§ The task
Please return each entry that follows exactly as given, but without pictures.

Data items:
* * * *

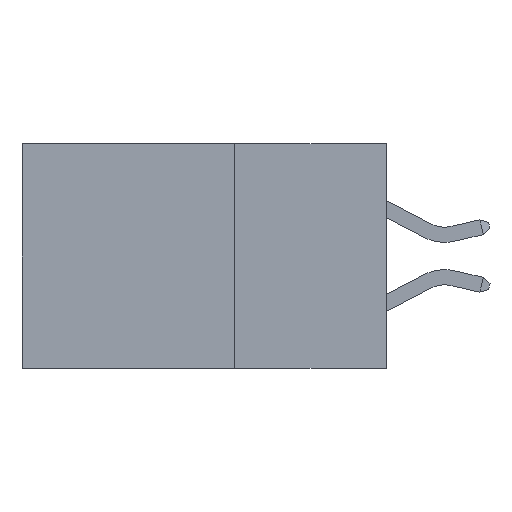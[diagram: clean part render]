
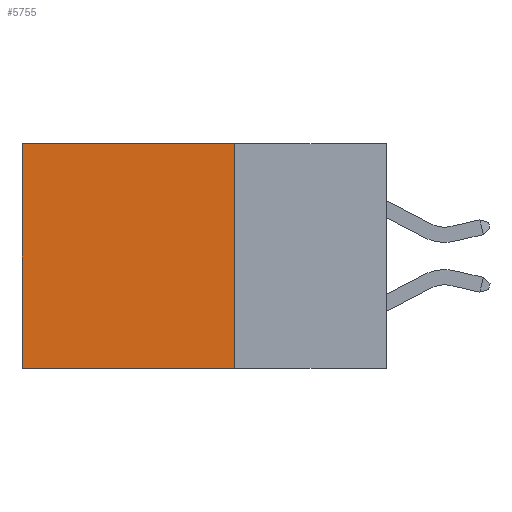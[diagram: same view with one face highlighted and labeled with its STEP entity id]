
A CAD part, left-side view. The second image highlights one B-rep face of the part: STEP entity #5755.
In plain terms, the highlighted planar face has unit normal (-1, 0, 0).
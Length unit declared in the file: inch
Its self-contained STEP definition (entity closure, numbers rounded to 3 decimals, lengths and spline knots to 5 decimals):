
#1219 = DIRECTION ( 'NONE',  ( 1., 0., 0. ) ) ;
#1637 = VERTEX_POINT ( 'NONE', #12381 ) ;
#2805 = FACE_OUTER_BOUND ( 'NONE', #6003, .T. ) ;
#3064 = CARTESIAN_POINT ( 'NONE',  ( 0.2615, 0.25, 0. ) ) ;
#3218 = EDGE_CURVE ( 'NONE', #4015, #1637, #10352, .T. ) ;
#3314 = CARTESIAN_POINT ( 'NONE',  ( 0.2615, 0.25, -0.37 ) ) ;
#3492 = ORIENTED_EDGE ( 'NONE', *, *, #3218, .T. ) ;
#3607 = EDGE_CURVE ( 'NONE', #4015, #5312, #10575, .T. ) ;
#4015 = VERTEX_POINT ( 'NONE', #3064 ) ;
#4637 = VECTOR ( 'NONE', #7885, 39.37008 ) ;
#5257 = CARTESIAN_POINT ( 'NONE',  ( 0.2615, 0.25, -0.37 ) ) ;
#5312 = VERTEX_POINT ( 'NONE', #5257 ) ;
#5732 = ORIENTED_EDGE ( 'NONE', *, *, #7112, .F. ) ;
#5755 = ADVANCED_FACE ( 'NONE', ( #2805 ), #7671, .F. ) ;
#5866 = LINE ( 'NONE', #3314, #13474 ) ;
#6003 = EDGE_LOOP ( 'NONE', ( #7668, #5732, #8819, #3492 ) ) ;
#6270 = CARTESIAN_POINT ( 'NONE',  ( 0.2615, 0.6, -0.37 ) ) ;
#6692 = CARTESIAN_POINT ( 'NONE',  ( 0.2615, 0.25, -0.37 ) ) ;
#6880 = VERTEX_POINT ( 'NONE', #6270 ) ;
#7112 = EDGE_CURVE ( 'NONE', #5312, #6880, #5866, .T. ) ;
#7668 = ORIENTED_EDGE ( 'NONE', *, *, #8939, .T. ) ;
#7671 = PLANE ( 'NONE',  #11734 ) ;
#7885 = DIRECTION ( 'NONE',  ( 0., 0., -1. ) ) ;
#7948 = DIRECTION ( 'NONE',  ( 0., 0., -1. ) ) ;
#7950 = CARTESIAN_POINT ( 'NONE',  ( 0.2615, 0.6, -0.37 ) ) ;
#8111 = VECTOR ( 'NONE', #7948, 39.37008 ) ;
#8244 = CARTESIAN_POINT ( 'NONE',  ( 0.2615, 0.25, -0.37 ) ) ;
#8819 = ORIENTED_EDGE ( 'NONE', *, *, #3607, .F. ) ;
#8939 = EDGE_CURVE ( 'NONE', #1637, #6880, #11274, .T. ) ;
#10011 = VECTOR ( 'NONE', #11807, 39.37008 ) ;
#10352 = LINE ( 'NONE', #11696, #10011 ) ;
#10575 = LINE ( 'NONE', #8244, #4637 ) ;
#10617 = DIRECTION ( 'NONE',  ( 0., 0., -1. ) ) ;
#11274 = LINE ( 'NONE', #7950, #8111 ) ;
#11485 = DIRECTION ( 'NONE',  ( 0., 1., 0. ) ) ;
#11696 = CARTESIAN_POINT ( 'NONE',  ( 0.2615, 0.25, 0. ) ) ;
#11734 = AXIS2_PLACEMENT_3D ( 'NONE', #6692, #1219, #10617 ) ;
#11807 = DIRECTION ( 'NONE',  ( 0., 1., 0. ) ) ;
#12381 = CARTESIAN_POINT ( 'NONE',  ( 0.2615, 0.6, 0. ) ) ;
#13474 = VECTOR ( 'NONE', #11485, 39.37008 ) ;

* * * *

§ Answer below
[diagram: clean part render]
[diagram: same view with one face highlighted and labeled with its STEP entity id]
A CAD part, left-side view. The second image highlights one B-rep face of the part: STEP entity #5755.
In plain terms, the highlighted planar face has unit normal (-1, 0, 0).
Length unit declared in the file: inch
Its self-contained STEP definition (entity closure, numbers rounded to 3 decimals, lengths and spline knots to 5 decimals):
#1219 = DIRECTION ( 'NONE',  ( 1., 0., 0. ) ) ;
#1637 = VERTEX_POINT ( 'NONE', #12381 ) ;
#2805 = FACE_OUTER_BOUND ( 'NONE', #6003, .T. ) ;
#3064 = CARTESIAN_POINT ( 'NONE',  ( 0.2615, 0.25, 0. ) ) ;
#3218 = EDGE_CURVE ( 'NONE', #4015, #1637, #10352, .T. ) ;
#3314 = CARTESIAN_POINT ( 'NONE',  ( 0.2615, 0.25, -0.37 ) ) ;
#3492 = ORIENTED_EDGE ( 'NONE', *, *, #3218, .T. ) ;
#3607 = EDGE_CURVE ( 'NONE', #4015, #5312, #10575, .T. ) ;
#4015 = VERTEX_POINT ( 'NONE', #3064 ) ;
#4637 = VECTOR ( 'NONE', #7885, 39.37008 ) ;
#5257 = CARTESIAN_POINT ( 'NONE',  ( 0.2615, 0.25, -0.37 ) ) ;
#5312 = VERTEX_POINT ( 'NONE', #5257 ) ;
#5732 = ORIENTED_EDGE ( 'NONE', *, *, #7112, .F. ) ;
#5755 = ADVANCED_FACE ( 'NONE', ( #2805 ), #7671, .F. ) ;
#5866 = LINE ( 'NONE', #3314, #13474 ) ;
#6003 = EDGE_LOOP ( 'NONE', ( #7668, #5732, #8819, #3492 ) ) ;
#6270 = CARTESIAN_POINT ( 'NONE',  ( 0.2615, 0.6, -0.37 ) ) ;
#6692 = CARTESIAN_POINT ( 'NONE',  ( 0.2615, 0.25, -0.37 ) ) ;
#6880 = VERTEX_POINT ( 'NONE', #6270 ) ;
#7112 = EDGE_CURVE ( 'NONE', #5312, #6880, #5866, .T. ) ;
#7668 = ORIENTED_EDGE ( 'NONE', *, *, #8939, .T. ) ;
#7671 = PLANE ( 'NONE',  #11734 ) ;
#7885 = DIRECTION ( 'NONE',  ( 0., 0., -1. ) ) ;
#7948 = DIRECTION ( 'NONE',  ( 0., 0., -1. ) ) ;
#7950 = CARTESIAN_POINT ( 'NONE',  ( 0.2615, 0.6, -0.37 ) ) ;
#8111 = VECTOR ( 'NONE', #7948, 39.37008 ) ;
#8244 = CARTESIAN_POINT ( 'NONE',  ( 0.2615, 0.25, -0.37 ) ) ;
#8819 = ORIENTED_EDGE ( 'NONE', *, *, #3607, .F. ) ;
#8939 = EDGE_CURVE ( 'NONE', #1637, #6880, #11274, .T. ) ;
#10011 = VECTOR ( 'NONE', #11807, 39.37008 ) ;
#10352 = LINE ( 'NONE', #11696, #10011 ) ;
#10575 = LINE ( 'NONE', #8244, #4637 ) ;
#10617 = DIRECTION ( 'NONE',  ( 0., 0., -1. ) ) ;
#11274 = LINE ( 'NONE', #7950, #8111 ) ;
#11485 = DIRECTION ( 'NONE',  ( 0., 1., 0. ) ) ;
#11696 = CARTESIAN_POINT ( 'NONE',  ( 0.2615, 0.25, 0. ) ) ;
#11734 = AXIS2_PLACEMENT_3D ( 'NONE', #6692, #1219, #10617 ) ;
#11807 = DIRECTION ( 'NONE',  ( 0., 1., 0. ) ) ;
#12381 = CARTESIAN_POINT ( 'NONE',  ( 0.2615, 0.6, 0. ) ) ;
#13474 = VECTOR ( 'NONE', #11485, 39.37008 ) ;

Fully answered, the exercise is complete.